All the names you mentionned are a new language to me but *the WORST thing that can happen to someone is not doing anything*. Retirement is not the end, it is the beginning, and I refuse to become bored.!
I can see you working night too. My grand child (2 years old) does not leave me in peace during the day so I woke up at 2.00 AM to learn peacefully during the night ((4.20 AM in vegas right now). Then in few years he will think I am a cool grandpa if I can teach him one thing or two on this subject! I did taught my younger son how to count in his mind from age 3.. He is now doctor in Finance & professor at Omaha Univerisity and he is using Excell a lot! I beleive in learning - anything - is never too late and always good. It is like NEVER EVER giveup!....Nothing is impossible.


----------



## MRdNk (Apr 7, 2007)

Good on you. Hope I have the same philosophy when I retire. 
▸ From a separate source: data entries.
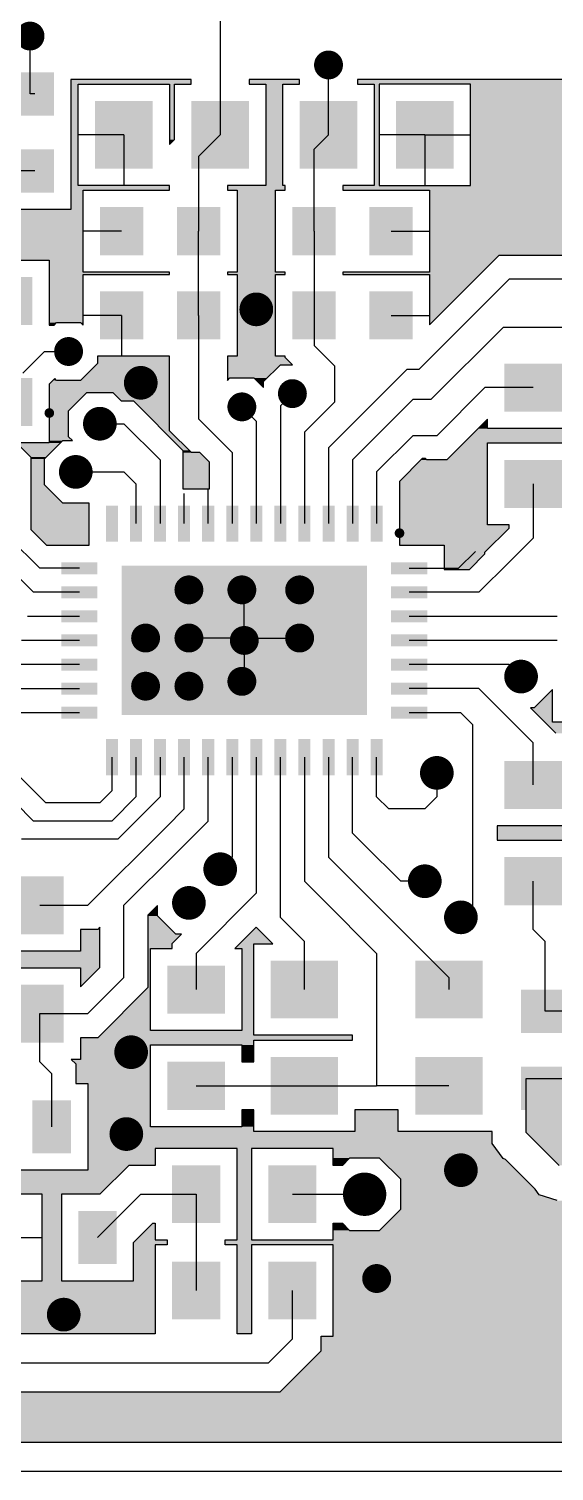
# Model space of a CAD drawing. Extents: x 295 to 953, y 10 to 290.
# Drawn here: x 714 to 735.9, y 80 to 139.9 of the extents above; entities that cross this region are included whole.
import ezdxf

# ---------------------------------------------------------------- set-up
doc = ezdxf.new("R2010")
doc.units = 0
doc.header["$LTSCALE"] = 5
doc.header["$MEASUREMENT"] = 0
doc.layers.get('0').update_dxf_attribs({"linetype": 'CONTINUOUS', "lineweight": 25})
doc.layers.add('16_COMP_GBR', color=4, linetype='CONTINUOUS')

msp = doc.modelspace()

# ---------------------------------------------------------------- linework, layer by layer
at = {"color": 7}
for points, const_width in [([(713.778, 139.6, 1), (714.378, 139.6, 1)], 0.6), ([(726.178, 138.4, 1), (726.778, 138.4, 1)], 0.6), ([(723.128, 128.25, 1), (723.828, 128.25, 1)], 0.7), ([(715.378, 126.5, 1), (715.978, 126.5, 1)], 0.6), ([(718.328, 125.2, 1), (719.028, 125.2, 1)], 0.7), ([(724.678, 124.75, 1), (725.278, 124.75, 1)], 0.6), ([(722.578, 124.2, 1), (723.178, 124.2, 1)], 0.6), ([(714.778, 123.944, 1), (714.978, 123.944, 1)], 0.2), ([(716.628, 123.5, 1), (717.328, 123.5, 1)], 0.7), ([(715.628, 121.5, 1), (716.328, 121.5, 1)], 0.7), ([(729.328, 118.956, 1), (729.528, 118.956, 1)], 0.2), ([(720.378, 116.6, 1), (720.978, 116.6, 1)], 0.6), ([(722.578, 116.6, 1), (723.178, 116.6, 1)], 0.6), ([(724.978, 116.6, 1), (725.578, 116.6, 1)], 0.6), ([(718.578, 114.6, 1), (719.178, 114.6, 1)], 0.6), ([(720.378, 114.6, 1), (720.978, 114.6, 1)], 0.6), ([(722.678, 114.5, 1), (723.278, 114.5, 1)], 0.6), ([(724.978, 114.6, 1), (725.578, 114.6, 1)], 0.6), ([(722.578, 112.8, 1), (723.178, 112.8, 1)], 0.6), ([(734.128, 113, 1), (734.828, 113, 1)], 0.7), ([(718.578, 112.6, 1), (719.178, 112.6, 1)], 0.6), ([(720.378, 112.6, 1), (720.978, 112.6, 1)], 0.6), ([(730.628, 109, 1), (731.328, 109, 1)], 0.7), ([(721.628, 105, 1), (722.328, 105, 1)], 0.7), ([(730.128, 104.5, 1), (730.828, 104.5, 1)], 0.7), ([(720.328, 103.6, 1), (721.028, 103.6, 1)], 0.7), ([(731.628, 103, 1), (732.328, 103, 1)], 0.7), ([(717.928, 97.4, 1), (718.628, 97.4, 1)], 0.7), ([(717.728, 94, 1), (718.428, 94, 1)], 0.7), ([(731.628, 92.5, 1), (732.328, 92.5, 1)], 0.7), ([(727.528, 91.5, 1), (728.428, 91.5, 1)], 0.9), ([(728.178, 88, 1), (728.778, 88, 1)], 0.6), ([(715.128, 86.5, 1), (715.828, 86.5, 1)], 0.7)]:
    msp.add_lwpolyline(points, format="xyb", close=True, dxfattribs=dict(at, const_width=const_width))
for points in [[(715.078, 138.1), (715.078, 136.3), (713.478, 138.1), (713.478, 136.3)], [(719.178, 136.9), (719.178, 134.1), (716.778, 136.9), (716.778, 134.1)], [(723.178, 136.9), (723.178, 134.1), (720.778, 136.9), (720.778, 134.1)], [(727.678, 136.9), (727.678, 134.1), (725.278, 136.9), (725.278, 134.1)], [(731.678, 136.9), (731.678, 134.1), (729.278, 136.9), (729.278, 134.1)], [(715.078, 134.9), (715.078, 133.1), (713.478, 134.9), (713.478, 133.1)], [(718.778, 132.5), (718.778, 130.5), (716.978, 132.5), (716.978, 130.5)], [(721.978, 132.5), (721.978, 130.5), (720.178, 132.5), (720.178, 130.5)], [(726.778, 132.5), (726.778, 130.5), (724.978, 132.5), (724.978, 130.5)], [(729.978, 132.5), (729.978, 130.5), (728.178, 132.5), (728.178, 130.5)], [(714.178, 129.6), (714.178, 127.6), (713.378, 129.6), (713.378, 127.6)], [(718.778, 129), (718.778, 127), (716.978, 129), (716.978, 127)], [(721.978, 129), (721.978, 127), (720.178, 129), (720.178, 127)], [(726.778, 129), (726.778, 127), (724.978, 129), (724.978, 127)], [(729.978, 129), (729.978, 127), (728.178, 129), (728.178, 127)], [(736.178, 126), (736.178, 124), (733.778, 126), (733.778, 124)], [(714.178, 125.4), (714.178, 123.4), (713.378, 125.4), (713.378, 123.4)], [(736.178, 122), (736.178, 120), (733.778, 122), (733.778, 120)], [(717.728, 120.1), (717.728, 118.6), (717.228, 120.1), (717.228, 118.6)], [(718.728, 120.1), (718.728, 118.6), (718.228, 120.1), (718.228, 118.6)], [(719.728, 120.1), (719.728, 118.6), (719.228, 120.1), (719.228, 118.6)], [(720.728, 120.1), (720.728, 118.6), (720.228, 120.1), (720.228, 118.6)], [(721.728, 120.1), (721.728, 118.6), (721.228, 120.1), (721.228, 118.6)], [(722.728, 120.1), (722.728, 118.6), (722.228, 120.1), (722.228, 118.6)], [(723.728, 120.1), (723.728, 118.6), (723.228, 120.1), (723.228, 118.6)], [(724.728, 120.1), (724.728, 118.6), (724.228, 120.1), (724.228, 118.6)], [(725.728, 120.1), (725.728, 118.6), (725.228, 120.1), (725.228, 118.6)], [(726.728, 120.1), (726.728, 118.6), (726.228, 120.1), (726.228, 118.6)], [(727.728, 120.1), (727.728, 118.6), (727.228, 120.1), (727.228, 118.6)], [(728.728, 120.1), (728.728, 118.6), (728.228, 120.1), (728.228, 118.6)], [(716.878, 117.75), (716.878, 117.25), (715.378, 117.75), (715.378, 117.25)], [(728.078, 117.6), (728.078, 111.4), (717.878, 117.6), (717.878, 111.4)], [(730.578, 117.75), (730.578, 117.25), (729.078, 117.75), (729.078, 117.25)], [(716.878, 116.75), (716.878, 116.25), (715.378, 116.75), (715.378, 116.25)], [(730.578, 116.75), (730.578, 116.25), (729.078, 116.75), (729.078, 116.25)], [(716.878, 115.75), (716.878, 115.25), (715.378, 115.75), (715.378, 115.25)], [(730.578, 115.75), (730.578, 115.25), (729.078, 115.75), (729.078, 115.25)], [(716.878, 114.75), (716.878, 114.25), (715.378, 114.75), (715.378, 114.25)], [(730.578, 114.75), (730.578, 114.25), (729.078, 114.75), (729.078, 114.25)], [(716.878, 113.75), (716.878, 113.25), (715.378, 113.75), (715.378, 113.25)], [(730.578, 113.75), (730.578, 113.25), (729.078, 113.75), (729.078, 113.25)], [(716.878, 112.75), (716.878, 112.25), (715.378, 112.75), (715.378, 112.25)], [(730.578, 112.75), (730.578, 112.25), (729.078, 112.75), (729.078, 112.25)], [(716.878, 111.75), (716.878, 111.25), (715.378, 111.75), (715.378, 111.25)], [(730.578, 111.75), (730.578, 111.25), (729.078, 111.75), (729.078, 111.25)], [(717.728, 110.4), (717.728, 108.9), (717.228, 110.4), (717.228, 108.9)], [(718.728, 110.4), (718.728, 108.9), (718.228, 110.4), (718.228, 108.9)], [(719.728, 110.4), (719.728, 108.9), (719.228, 110.4), (719.228, 108.9)], [(720.728, 110.4), (720.728, 108.9), (720.228, 110.4), (720.228, 108.9)], [(721.728, 110.4), (721.728, 108.9), (721.228, 110.4), (721.228, 108.9)], [(722.728, 110.4), (722.728, 108.9), (722.228, 110.4), (722.228, 108.9)], [(723.728, 110.4), (723.728, 108.9), (723.228, 110.4), (723.228, 108.9)], [(724.728, 110.4), (724.728, 108.9), (724.228, 110.4), (724.228, 108.9)], [(725.728, 110.4), (725.728, 108.9), (725.228, 110.4), (725.228, 108.9)], [(726.728, 110.4), (726.728, 108.9), (726.228, 110.4), (726.228, 108.9)], [(727.728, 110.4), (727.728, 108.9), (727.228, 110.4), (727.228, 108.9)], [(728.728, 110.4), (728.728, 108.9), (728.228, 110.4), (728.228, 108.9)], [(736.178, 109.5), (736.178, 107.5), (733.778, 109.5), (733.778, 107.5)], [(736.178, 105.5), (736.178, 103.5), (733.778, 105.5), (733.778, 103.5)], [(715.478, 104.7), (715.478, 102.3), (713.478, 104.7), (713.478, 102.3)], [(722.178, 101), (722.178, 99), (719.778, 101), (719.778, 99)], [(726.878, 101.2), (726.878, 98.8), (724.078, 101.2), (724.078, 98.8)], [(732.878, 101.2), (732.878, 98.8), (730.078, 101.2), (730.078, 98.8)], [(715.478, 100.2), (715.478, 97.8), (713.478, 100.2), (713.478, 97.8)], [(736.478, 100), (736.478, 98.2), (734.478, 100), (734.478, 98.2)], [(726.878, 97.2), (726.878, 94.8), (724.078, 97.2), (724.078, 94.8)], [(732.878, 97.2), (732.878, 94.8), (730.078, 97.2), (730.078, 94.8)], [(722.178, 97), (722.178, 95), (719.778, 97), (719.778, 95)], [(736.478, 96.8), (736.478, 95), (734.478, 96.8), (734.478, 95)], [(715.778, 95.4), (715.778, 93.2), (714.178, 95.4), (714.178, 93.2)], [(721.978, 92.7), (721.978, 90.3), (719.978, 92.7), (719.978, 90.3)], [(725.978, 92.7), (725.978, 90.3), (723.978, 92.7), (723.978, 90.3)], [(717.678, 90.8), (717.678, 88.6), (716.078, 90.8), (716.078, 88.6)], [(721.978, 88.7), (721.978, 86.3), (719.978, 88.7), (719.978, 86.3)], [(725.978, 88.7), (725.978, 86.3), (723.978, 88.7), (723.978, 86.3)]]:
    msp.add_solid(points, dxfattribs=at)
at = {"layer": '16_COMP_GBR', "color": 7}
for p, q in [((721.978, 142.2), (721.978, 135.5)), ((714.078, 137.2), (714.078, 139.6)), ((726.478, 135.5), (726.478, 138.4)), ((715.778, 137.8), (715.778, 132.4)), ((720.778, 137.8), (715.778, 137.8)), ((720.778, 137.6), (720.778, 137.8)), ((723.178, 137.8), (723.178, 137.6)), ((725.278, 137.8), (723.178, 137.8)), ((725.278, 137.6), (725.278, 137.8)), ((727.678, 137.8), (727.678, 137.6)), ((778.778, 137.8), (727.678, 137.8)), ((714.278, 137.2), (714.078, 137.2)), ((716.078, 137.6), (719.878, 137.6)), ((716.078, 133.4), (716.078, 137.6)), ((719.878, 137.6), (719.878, 135.098)), ((720.078, 137.6), (720.778, 137.6)), ((720.078, 135.298), (720.078, 137.6)), ((723.178, 137.6), (723.878, 137.6)), ((723.878, 137.6), (723.878, 133.4)), ((724.578, 137.6), (725.278, 137.6)), ((724.578, 133.4), (724.578, 137.6)), ((727.678, 137.6), (728.378, 137.6)), ((728.378, 137.6), (728.378, 133.4)), ((728.578, 137.6), (728.578, 133.4)), ((732.378, 137.6), (728.578, 137.6)), ((732.378, 133.4), (732.378, 137.6)), ((717.978, 135.5), (716.078, 135.5)), ((717.978, 135.5), (717.978, 133.4)), ((721.978, 135.5), (721.078, 134.6)), ((726.478, 135.5), (725.878, 134.9)), ((730.478, 135.5), (728.578, 135.5)), ((730.478, 135.5), (730.478, 133.4)), ((730.478, 135.5), (732.378, 135.5)), ((719.878, 135.098), (720.078, 135.298)), ((725.878, 131.5), (725.878, 134.9)), ((721.078, 134.6), (721.078, 131.5)), ((714.278, 134), (710.878, 134)), ((719.878, 133.4), (716.078, 133.4)), ((716.278, 133.2), (719.878, 133.2)), ((716.278, 129.8), (716.278, 133.2)), ((719.878, 133.2), (719.878, 133.4)), ((722.278, 133.4), (722.278, 133.2)), ((723.878, 133.4), (722.278, 133.4)), ((722.278, 133.2), (722.678, 133.2)), ((722.678, 133.2), (722.678, 129.8)), ((724.278, 133.2), (724.678, 133.2)), ((724.278, 129.8), (724.278, 133.2)), ((724.678, 133.4), (724.578, 133.4)), ((724.678, 133.2), (724.678, 133.4)), ((727.078, 133.4), (727.078, 133.2)), ((728.378, 133.4), (727.078, 133.4)), ((727.078, 133.2), (730.678, 133.2)), ((728.578, 133.4), (732.378, 133.4)), ((730.678, 133.2), (730.678, 129.8)), ((715.778, 132.4), (712.778, 132.4)), ((717.878, 131.5), (716.278, 131.5)), ((721.078, 128), (721.078, 131.5)), ((725.878, 131.5), (725.878, 128)), ((729.078, 131.5), (730.678, 131.5)), ((713.354, 130.3), (714.878, 130.3)), ((714.878, 130.3), (714.878, 127.6)), ((730.678, 127.614), (733.564, 130.5)), ((733.564, 130.5), (736.64, 130.5)), ((719.878, 129.8), (716.278, 129.8)), ((716.278, 129.7), (719.878, 129.7)), ((716.278, 127.598), (716.278, 129.7)), ((719.878, 129.7), (719.878, 129.8)), ((722.278, 129.8), (722.278, 129.7)), ((722.678, 129.8), (722.278, 129.8)), ((722.278, 129.7), (722.678, 129.7)), ((722.678, 129.7), (722.678, 126.3)), ((724.678, 129.8), (724.278, 129.8)), ((724.278, 129.7), (724.678, 129.7)), ((724.278, 126.3), (724.278, 129.7)), ((724.678, 129.7), (724.678, 129.8)), ((727.078, 129.8), (727.078, 129.7)), ((730.678, 129.8), (727.078, 129.8)), ((727.078, 129.7), (730.678, 129.7)), ((730.228, 125.75), (733.978, 129.5)), ((730.678, 129.7), (730.678, 127.614)), ((737.478, 129.5), (733.978, 129.5)), ((714.878, 127.6), (715.08, 127.6)), ((715.08, 127.6), (715.18, 127.7)), ((715.18, 127.7), (716.176, 127.7)), ((716.176, 127.7), (716.278, 127.598)), ((717.878, 128), (716.278, 128)), ((717.878, 128), (716.278, 128)), ((717.878, 128), (717.878, 126.3)), ((717.878, 128), (717.878, 126.3)), ((721.078, 128), (721.078, 123.7)), ((725.878, 128), (725.878, 126.75)), ((729.078, 128), (730.678, 128)), ((730.728, 124.5), (733.728, 127.5)), ((738.578, 127.5), (733.728, 127.5)), ((714.678, 126.5), (713.778, 125.6)), ((714.678, 126.5), (715.678, 126.5)), ((726.728, 125.9), (725.878, 126.75)), ((716.878, 126.002), (716.176, 125.3)), ((716.878, 126.3), (716.878, 126.002)), ((719.878, 126.3), (716.878, 126.3)), ((719.878, 123.202), (719.878, 126.3)), ((722.278, 126.3), (722.278, 125.298)), ((722.678, 126.3), (722.278, 126.3)), ((723.778, 125.248), (724.48, 125.95)), ((724.678, 126.3), (724.278, 126.3)), ((724.48, 125.95), (724.98, 125.95)), ((724.678, 126.252), (724.678, 126.3)), ((724.98, 125.95), (724.678, 126.252)), ((726.728, 125.9), (726.728, 125.25)), ((715.108, 125.374), (714.878, 125.144)), ((715.18, 125.3), (715.108, 125.374)), ((716.176, 125.3), (715.18, 125.3)), ((722.278, 125.298), (722.38, 125.4)), ((722.38, 125.4), (723.376, 125.4)), ((723.376, 125.4), (723.778, 124.998)), ((723.778, 124.998), (723.778, 125.248)), ((726.728, 125.25), (726.728, 124.4)), ((726.978, 123), (729.728, 125.75)), ((730.228, 125.75), (729.728, 125.75)), ((714.878, 125.144), (714.878, 123.944)), ((715.678, 124.038), (716.44, 124.8)), ((716.44, 124.8), (717.516, 124.8)), ((717.516, 124.8), (717.866, 124.45)), ((724.978, 124.75), (724.478, 124.25)), ((730.978, 123), (732.978, 125)), ((734.978, 125), (732.978, 125)), ((715.678, 122.962), (715.678, 124.038)), ((717.866, 124.45), (718.372, 124.45)), ((718.372, 124.45), (720.428, 122.394)), ((722.878, 124.2), (723.478, 123.6)), ((724.478, 124.25), (724.478, 119.35)), ((726.078, 123.75), (726.728, 124.4)), ((728.228, 122.75), (729.978, 124.5)), ((730.728, 124.5), (729.978, 124.5)), ((714.878, 123.944), (714.878, 122.7)), ((716.978, 123.5), (717.978, 123.5)), ((719.478, 122), (717.978, 123.5)), ((721.278, 123.5), (721.078, 123.7)), ((722.478, 122.3), (721.278, 123.5)), ((723.478, 123.6), (723.478, 119.35)), ((725.478, 123.15), (726.078, 123.75)), ((733.078, 123.686), (731.392, 122)), ((733.078, 123.3), (733.078, 123.686)), ((714.678, 122.038), (715.44, 122.8)), ((715.44, 122.8), (715.84, 122.8)), ((715.84, 122.8), (715.678, 122.962)), ((720.78, 122.3), (719.878, 123.202)), ((725.478, 123.15), (725.478, 119.35)), ((726.478, 122.5), (726.978, 123)), ((728.478, 121.5), (729.978, 123)), ((730.978, 123), (729.978, 123)), ((736.878, 123.3), (733.078, 123.3)), ((714.878, 122.7), (713.516, 122.7)), ((713.516, 122.7), (714.104, 122.112)), ((720.428, 122.394), (720.428, 120.8)), ((721.134, 122.3), (720.78, 122.3)), ((721.528, 121.906), (721.134, 122.3)), ((722.478, 122.3), (722.478, 119.35)), ((726.478, 122.5), (726.478, 119.35)), ((727.478, 122), (728.228, 122.75)), ((733.078, 122.7), (736.878, 122.7)), ((733.078, 119.3), (733.078, 122.7)), ((714.104, 122.112), (714.104, 119.112)), ((714.678, 120.962), (714.678, 122.038)), ((719.478, 122), (719.478, 119.35)), ((721.528, 120.8), (721.528, 121.906)), ((727.478, 122), (727.478, 119.35)), ((730.372, 122.05), (729.428, 121.106)), ((730.514, 122.05), (730.372, 122.05)), ((730.564, 122), (730.514, 122.05)), ((731.392, 122), (730.564, 122)), ((715.978, 121.5), (717.978, 121.5)), ((718.478, 121), (717.978, 121.5)), ((718.478, 121), (718.478, 119.35)), ((728.478, 121.5), (728.478, 119.35)), ((729.428, 121.106), (729.428, 118.956)), ((734.978, 121), (734.978, 118.75)), ((715.44, 120.2), (714.678, 120.962)), ((720.428, 120.8), (721.528, 120.8)), ((720.478, 119.35), (720.478, 120.6)), ((721.478, 119.35), (721.478, 120.8)), ((721.478, 119.35), (721.478, 120.8)), ((716.516, 120.2), (715.44, 120.2)), ((716.528, 120.212), (716.516, 120.2)), ((716.528, 118.45), (716.528, 120.212)), ((733.978, 119.3), (733.078, 119.3)), ((733.978, 119.164), (733.978, 119.3)), ((713.228, 118.75), (714.478, 117.5)), ((714.104, 119.112), (714.766, 118.45)), ((729.428, 118.956), (729.428, 118.45)), ((732.978, 118.164), (733.978, 119.164)), ((733.978, 117.75), (734.978, 118.75)), ((712.478, 118.25), (714.228, 116.5)), ((714.766, 118.45), (716.528, 118.45)), ((729.428, 118.45), (731.278, 118.45)), ((731.278, 118.45), (731.278, 117.45)), ((731.878, 117.5), (732.578, 118.2)), ((732.334, 117.45), (732.978, 118.094)), ((732.978, 118.094), (732.978, 118.164)), ((716.128, 117.5), (714.478, 117.5)), ((729.828, 117.5), (731.878, 117.5)), ((731.278, 117.45), (732.334, 117.45)), ((732.728, 116.5), (733.978, 117.75)), ((716.128, 116.5), (714.228, 116.5)), ((722.978, 116.6), (722.878, 116.6)), ((722.978, 114.5), (722.978, 116.6)), ((732.728, 116.5), (729.828, 116.5)), ((706.478, 116), (714.728, 107.75)), ((705.728, 115.5), (714.228, 107)), ((716.128, 115.5), (713.978, 115.5)), ((735.978, 115.5), (729.828, 115.5)), ((716.128, 114.5), (713.728, 114.5)), ((722.978, 114.6), (720.678, 114.6)), ((722.978, 114.6), (725.278, 114.6)), ((722.978, 114.5), (722.978, 114.6)), ((722.978, 114.5), (722.978, 114.6)), ((722.978, 114.5), (722.978, 112.8)), ((735.978, 114.5), (729.828, 114.5)), ((716.128, 113.5), (713.228, 113.5)), ((733.978, 113.5), (729.828, 113.5)), ((734.478, 113), (733.978, 113.5)), ((722.978, 112.8), (722.878, 112.8)), ((712.978, 112.5), (716.128, 112.5)), ((732.728, 112.5), (729.828, 112.5)), ((732.728, 112.5), (734.978, 110.25)), ((735.778, 112.462), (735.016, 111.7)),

A good way to learn is to read forums like these, see how others solve their issues, and learn from them. I've enhanced my Excel skills and learnt a lot about OOP from these forums.


----------



## pierjean (Dec 2, 2006)

I think my home does looks better... still working on it...but critics are always appreciated Thank you again.
(animations will go in time...not easy!).
http://www.angelwings-rentalsforbaby-lasvegas.com/index.htm


----------



## MRdNk (Apr 7, 2007)

Already looking much better.


----------



## MRdNk (Apr 7, 2007)

Looks like the Domain host: HostMonster.com - 'whois' your current hosting provider offers a shopping cart feature called: Agora Shopping Cart - have a look at the features in your control panel, it might be fairly easy from there.


----------



## DoubleHelix (Dec 10, 2004)

That does look significantly better. I still can't stress the liability insurance enough. The equipment is new only the first time it's used. And even with a manufacturer's warranty, the person who hands out the stuff can still be sued. I wouldn't mess around with this.


----------



## MRdNk (Apr 7, 2007)

I second that, Liability Insurance is a very important thing, I used to work in Procurement, and it's something we always checked that our contractors had, and that it was up-to-date.


----------



## softyram (Sep 17, 2008)

cube cart is best for open source shopping cart tool in PHP...
this is use ful for you...


----------